(What to do): The reply should hold only the lines below beginning at the one with "238.4552 92.71 0)" and ending at the one with "- net at LSIC.1: now", copied exactly, with every picture left out.

(Records for this exercise):
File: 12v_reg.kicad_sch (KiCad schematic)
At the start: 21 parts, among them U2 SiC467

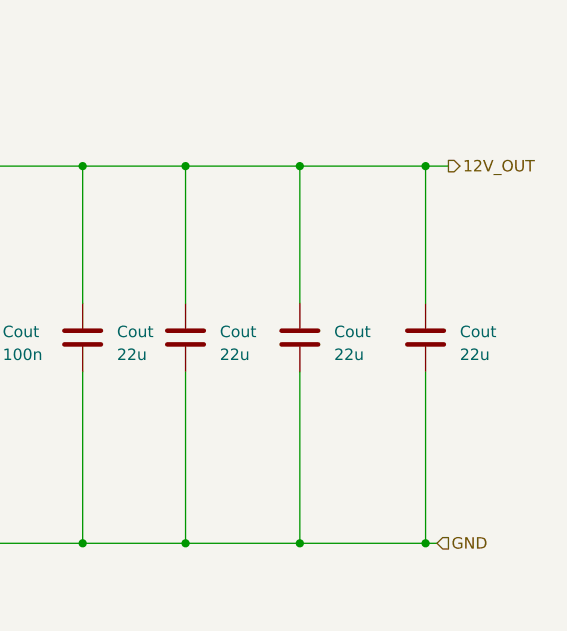
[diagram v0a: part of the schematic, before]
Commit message: Added connections to signal board, battery, and mounting holes
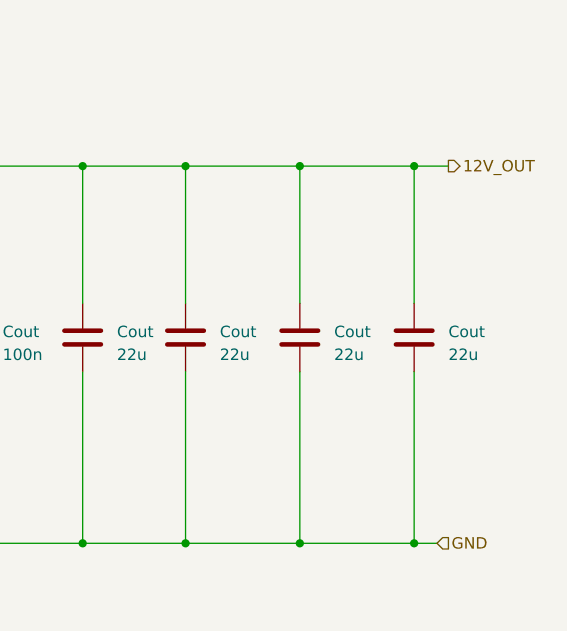
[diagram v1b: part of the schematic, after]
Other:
- moved on the sheet: Cout
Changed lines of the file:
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@@
 (kicad_sch (version 20230121) (generator eeschema)
   (paper "A4")
-  (junction (at 238.76 111.76) (diameter 0) (color 0 0 0 0)
-  )
   (junction (at 114.3 62.23) (diameter 0) (color 0 0 0 0)
   )
@@
   (junction (at 135.89 110.49) (diameter 0) (color 0 0 0 0)
   )
-  (junction (at 238.76 69.85) (diameter 0) (color 0 0 0 0)
-  )
   (junction (at 154.94 69.85) (diameter 0) (color 0 0 0 0)
   )
@@
   (junction (at 200.66 111.76) (diameter 0) (color 0 0 0 0)
   )
+  (junction (at 237.49 69.85) (diameter 0) (color 0 0 0 0)
+  )
   (junction (at 74.93 99.06) (diameter 0) (color 0 0 0 0)
   )
@@
   )
   (junction (at 110.49 74.93) (diameter 0) (color 0 0 0 0)
+  )
+  (junction (at 237.49 111.76) (diameter 0) (color 0 0 0 0)
   )
   (junction (at 187.96 69.85) (diameter 0) (color 0 0 0 0)
@@
   (no_connect (at 153.67 80.01))
   (no_connect (at 153.67 104.14))
-  (wire (pts (xy 238.76 69.85) (xy 241.3 69.85))
-    (stroke (width 0) (type default))
-  )
-  (wire (pts (xy 238.76 111.76) (xy 240.03 111.76))
+  (wire (pts (xy 237.49 111.76) (xy 240.03 111.76))
     (stroke (width 0) (type default))
   )
@@
     (stroke (width 0) (type default))
   )
-  (wire (pts (xy 224.79 69.85) (xy 238.76 69.85))
+  (wire (pts (xy 224.79 69.85) (xy 237.49 69.85))
     (stroke (width 0) (type default))
   )
@@
     (stroke (width 0) (type default))
   )
+  (wire (pts (xy 237.49 69.85) (xy 241.3 69.85))
+    (stroke (width 0) (type default))
+  )
   (wire (pts (xy 99.06 110.49) (xy 99.06 111.76))
     (stroke (width 0) (type default))
@@
     (stroke (width 0) (type default))
   )
-  (wire (pts (xy 238.76 92.71) (xy 238.76 111.76))
+  (wire (pts (xy 237.49 92.71) (xy 237.49 111.76))
     (stroke (width 0) (type default))
   )
@@
     (stroke (width 0) (type default))
   )
-  (wire (pts (xy 238.76 69.85) (xy 238.76 85.09))
+  (wire (pts (xy 237.49 69.85) (xy 237.49 85.09))
     (stroke (width 0) (type default))
   )
@@
     (stroke (width 0) (type default))
   )
-  (wire (pts (xy 224.79 111.76) (xy 238.76 111.76))
+  (wire (pts (xy 224.79 111.76) (xy 237.49 111.76))
     (stroke (width 0) (type default))
   )
@@
     )
   )
-  (symbol (lib_id "Device:C") (at 238.76 88.9 0) (unit 1)
+  (symbol (lib_id "Device:C") (at 237.49 88.9 0) (unit 1)
     (in_bom yes) (on_board yes) (dnp no) (fields_autoplaced)
-    (property "Reference" "Cout" (at 242.57 88.265 0)
+    (property "Reference" "Cout" (at 241.3 88.265 0)
       (effects (font (size 1.27 1.27)) (justify left))
     )
-    (property "Value" "22u" (at 242.57 90.805 0)
+    (property "Value" "22u" (at 241.3 90.805 0)
       (effects (font (size 1.27 1.27)) (justify left))
     )
-    (property "Footprint" "Capacitor_SMD:C_1210_3225Metric" (at 239.7252 92.71 0)
-      (effects (font (size 1.27 1.27)) hide)
-    )
-    (property "Datasheet" "~" (at 238.76 88.9 0)
-      (effects (font (size 1.27 1.27)) hide)
-    )
+    (property "Footprint" "Capacitor_SMD:C_1210_3225Metric" (at 238.4552 92.71 0)
+      (effects (font (size 1.27 1.27)) hide)
+    )
+    (property "Datasheet" "~" (at 237.49 88.9 0)
+      (effects (font (size 1.27 1.27)) hide)
+    )

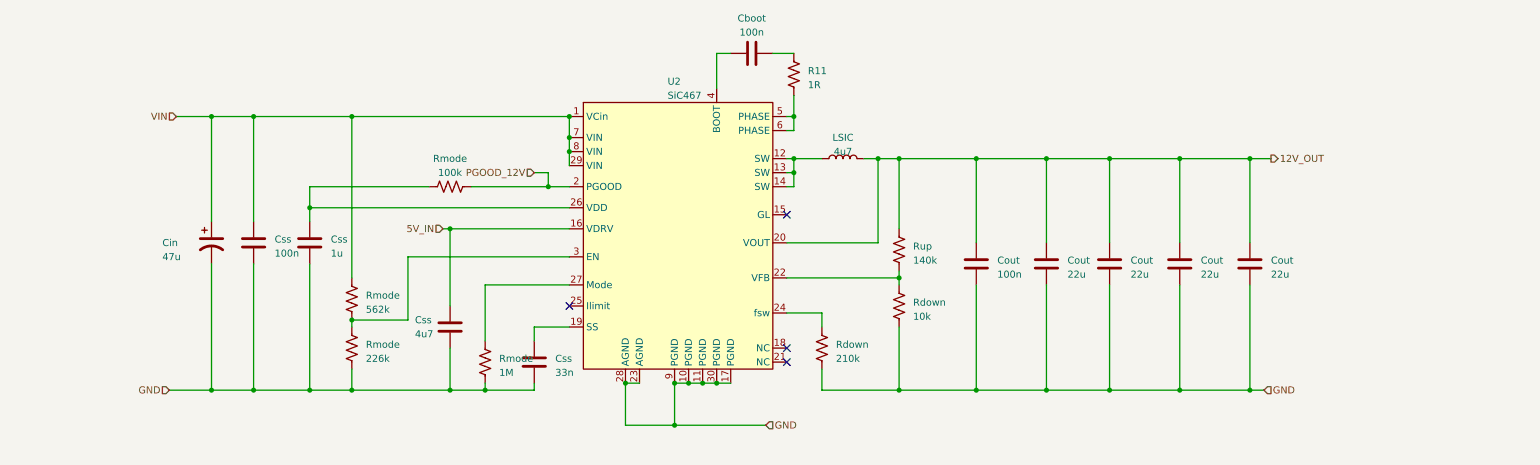
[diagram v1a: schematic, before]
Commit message: Changed 5V regulator and 12V regulator to the SiC461. Both support 10A and 5V and 12V respectively
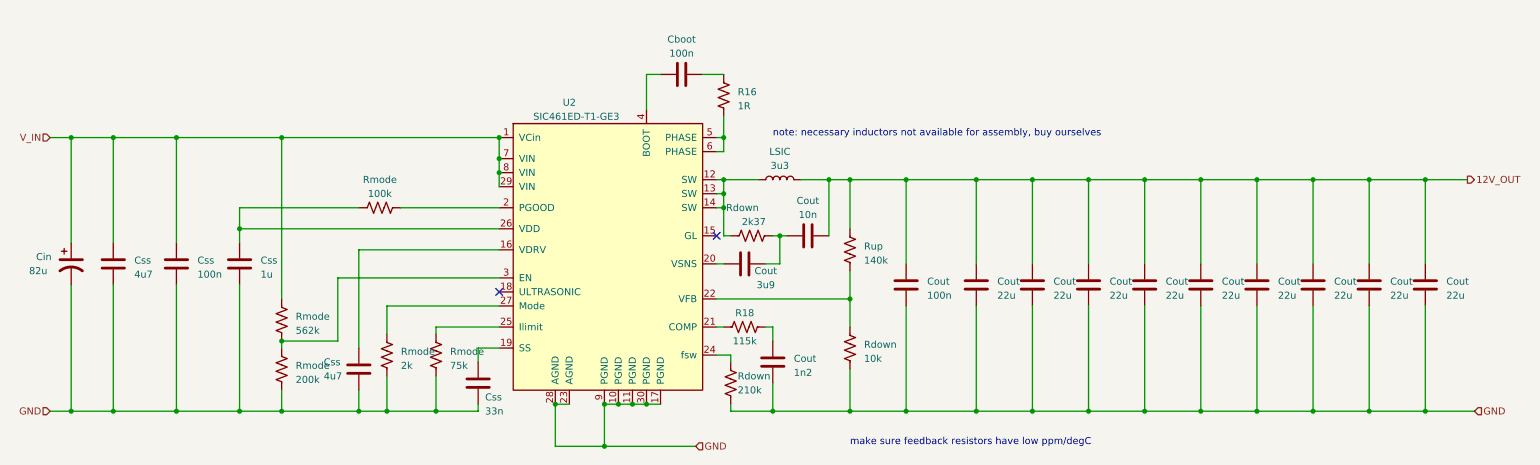
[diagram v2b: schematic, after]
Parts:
- removed U2: SiC467, crush-power-footprints:SIC467ED-T1-GE3, symbol crush-power-lib:SiC46x
- added Cout (x5): 22u, Capacitor_SMD:C_1210_3225Metric, symbol Device:C
- added Cout: 3u9, Capacitor_SMD:C_0402_1005Metric, symbol Device:C
- added Cout: 1n2, Capacitor_SMD:C_0603_1608Metric, symbol Device:C
- added Cout: 10n, Capacitor_SMD:C_0402_1005Metric, symbol Device:C
- added Css: 4u7, Capacitor_SMD:C_0603_1608Metric, symbol Device:C
- added R18: 115k, Resistor_SMD:R_0402_1005Metric, symbol Device:R_US
- added Rdown: 2k37, Resistor_SMD:R_0402_1005Metric, symbol Device:R_US
- added Rmode: 75k, Resistor_SMD:R_0603_1608Metric, symbol Device:R_US
- added U2: SIC461ED-T1-GE3, crush-power-footprints:CONV_SIC461ED-T1-GE3, symbol crush-power-lib:SIC461ED-T1-GE3
- Cin: value 47u -> 82u
- Css: footprint Capacitor_SMD:C_0603_1608Metric -> Capacitor_SMD:C_0805_2012Metric
- LSIC: value 4u7 -> 3u3
- Rmode: value 1M -> 2k
- Rmode: value 226k -> 200k
- renumbered R11 to R16
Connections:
- net 12V_OUT: now also Cout.1, Cout.1, Cout.1, Cout.1, Cout.1, Cout.2
- net GND: now also Cout.2, Cout.2, Cout.2, Cout.2, Cout.2, Cout.2, Css.1, Rmode.2, U2.10 (PGND), U2.11 (PGND), U2.17 (PGND), U2.23 (AGND), U2.28 (AGND), U2.30 (PGND), U2.9 (PGND)
- net at R16.1: now also U2.5 (PHASE), U2.6 (PHASE)
- net at Css.2: now also U2.19 (SS)
- net at Cboot.1: now also U2.4 (BOOT)
- net at Css.2, Rmode.1: now also U2.26 (VDD)
- net at LSIC.1: now also Rdown.1, U2.12 (SW), U2.13 (SW), U2.14 (SW)
- net at Rdown.1, Rup.2: now also U2.22 (VFB)
- net at Rdown.1: now also U2.24 (fsw)
- net at Rmode.1: now also U2.27 (Mode)
- net at Rmode.1, Rmode.2: now also U2.3 (EN)
- net 5V_IN: no longer names the net of Css.2
- net 5V_IN: now also U2.16 (VDRV)
- net PGOOD_12V: no longer names the net of Rmode.2
- net PGOOD_12V: now also U2.2 (PGOOD)
- net VIN renamed V_IN
- net V_IN: now also Css.2, U2.1 (VCin), U2.29 (VIN), U2.7 (VIN), U2.8 (VIN)
- new net: Cout.1, U2.20 (VSNS)
- new net: Cout.1, Cout.2, Rdown.2
- new net: R18.1, U2.21 (COMP)
- new net: Cout.1, R18.2
- new net: Rmode.1, U2.25 (Ilimit)
- no-connect marks 4 -> 2
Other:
- note added: "make sure feedback resistors have low ppm/degC"
- note added: "note: necessary inductors not available for assembly, buy ourselves"
- moved on the sheet: Cboot, Cin, Cout, Css, LSIC, R16, Rdown, Rmode, Rup

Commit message: Added more to the layout of the 12V regulator as well as changed some capacitor footprints
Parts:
- Cin: footprint Capacitor_Tantalum_SMD:CP_EIA-7343-15_Kemet-W -> Capacitor_THT:CP_Radial_D8.0mm_P3.50mm
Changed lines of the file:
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@@
       (effects (font (size 1.27 1.27)) (justify left))
     )
-    (property "Footprint" "Capacitor_Tantalum_SMD:CP_EIA-7343-15_Kemet-W" (at 24.13 88.9 0)
+    (property "Footprint" "Capacitor_THT:CP_Radial_D8.0mm_P3.50mm" (at 24.13 88.9 0)
       (effects (font (size 1.27 1.27)) hide)
     )
@@
       (effects (font (size 1.27 1.27)) (justify bottom) hide)
     )
-    (property "Datasheet" "" (at 120.65 88.9 0)
+    (property "Datasheet" "https://datasheet.lcsc.com/lcsc/2003271205_Vishay-Intertech-SIC461ED-T1-GE3_C499531.pdf" (at 120.65 88.9 0)
       (effects (font (size 1.27 1.27)) hide)
     )

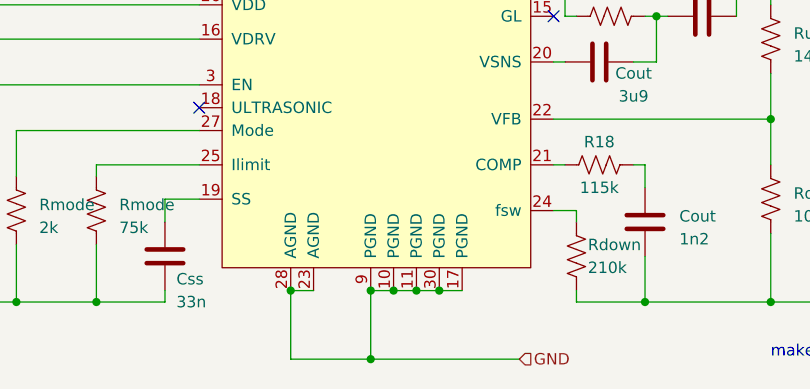
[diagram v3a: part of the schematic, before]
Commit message: Added thermal vias to the 12V regulator, fixed GND pad nets on 12V and 5V regulator
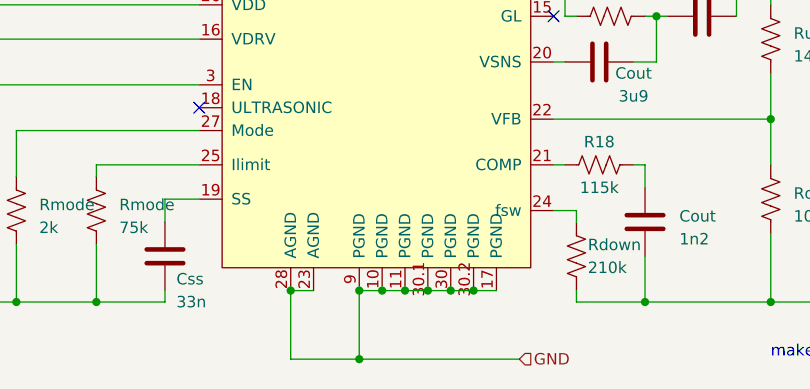
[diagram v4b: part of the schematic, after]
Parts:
- U2: footprint crush-power-footprints:CONV_SIC461ED-T1-GE3 -> CONV_SIC461ED-T1-GE3
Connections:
- net GND: now also U2.30.1 (PGND), U2.30.2 (PGND)
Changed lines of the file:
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@@
   (junction (at 248.92 73.66) (diameter 0) (color 0 0 0 0)
   )
+  (junction (at 119.38 121.92) (diameter 0) (color 0 0 0 0)
+  )
   (junction (at 259.08 73.66) (diameter 0) (color 0 0 0 0)
   )
@@
   (junction (at 54.61 115.57) (diameter 0) (color 0 0 0 0)
   )
-  (junction (at 120.65 121.92) (diameter 0) (color 0 0 0 0)
-  )
   (junction (at 218.44 73.66) (diameter 0) (color 0 0 0 0)
   )
   (junction (at 101.6 69.85) (diameter 0) (color 0 0 0 0)
   )
-  (junction (at 128.27 114.3) (diameter 0) (color 0 0 0 0)
-  )
   (junction (at 76.2 115.57) (diameter 0) (color 0 0 0 0)
   )
@@
   (junction (at 43.18 115.57) (diameter 0) (color 0 0 0 0)
   )
+  (junction (at 129.54 114.3) (diameter 0) (color 0 0 0 0)
+  )
+  (junction (at 121.92 114.3) (diameter 0) (color 0 0 0 0)
+  )
   (junction (at 198.12 115.57) (diameter 0) (color 0 0 0 0)
   )
   (junction (at 152.4 83.82) (diameter 0) (color 0 0 0 0)
   )
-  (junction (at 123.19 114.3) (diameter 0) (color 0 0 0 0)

(Response to the task):
+    (property "Footprint" "Capacitor_SMD:C_1210_3225Metric" (at 238.4552 92.71 0)
+      (effects (font (size 1.27 1.27)) hide)
+    )
+    (property "Datasheet" "~" (at 237.49 88.9 0)
+      (effects (font (size 1.27 1.27)) hide)
+    )

[diagram v1a: schematic, before]
Commit message: Changed 5V regulator and 12V regulator to the SiC461. Both support 10A and 5V and 12V respectively
[diagram v2b: schematic, after]
Parts:
- removed U2: SiC467, crush-power-footprints:SIC467ED-T1-GE3, symbol crush-power-lib:SiC46x
- added Cout (x5): 22u, Capacitor_SMD:C_1210_3225Metric, symbol Device:C
- added Cout: 3u9, Capacitor_SMD:C_0402_1005Metric, symbol Device:C
- added Cout: 1n2, Capacitor_SMD:C_0603_1608Metric, symbol Device:C
- added Cout: 10n, Capacitor_SMD:C_0402_1005Metric, symbol Device:C
- added Css: 4u7, Capacitor_SMD:C_0603_1608Metric, symbol Device:C
- added R18: 115k, Resistor_SMD:R_0402_1005Metric, symbol Device:R_US
- added Rdown: 2k37, Resistor_SMD:R_0402_1005Metric, symbol Device:R_US
- added Rmode: 75k, Resistor_SMD:R_0603_1608Metric, symbol Device:R_US
- added U2: SIC461ED-T1-GE3, crush-power-footprints:CONV_SIC461ED-T1-GE3, symbol crush-power-lib:SIC461ED-T1-GE3
- Cin: value 47u -> 82u
- Css: footprint Capacitor_SMD:C_0603_1608Metric -> Capacitor_SMD:C_0805_2012Metric
- LSIC: value 4u7 -> 3u3
- Rmode: value 1M -> 2k
- Rmode: value 226k -> 200k
- renumbered R11 to R16
Connections:
- net 12V_OUT: now also Cout.1, Cout.1, Cout.1, Cout.1, Cout.1, Cout.2
- net GND: now also Cout.2, Cout.2, Cout.2, Cout.2, Cout.2, Cout.2, Css.1, Rmode.2, U2.10 (PGND), U2.11 (PGND), U2.17 (PGND), U2.23 (AGND), U2.28 (AGND), U2.30 (PGND), U2.9 (PGND)
- net at R16.1: now also U2.5 (PHASE), U2.6 (PHASE)
- net at Css.2: now also U2.19 (SS)
- net at Cboot.1: now also U2.4 (BOOT)
- net at Css.2, Rmode.1: now also U2.26 (VDD)
- net at LSIC.1: now also Rdown.1, U2.12 (SW), U2.13 (SW), U2.14 (SW)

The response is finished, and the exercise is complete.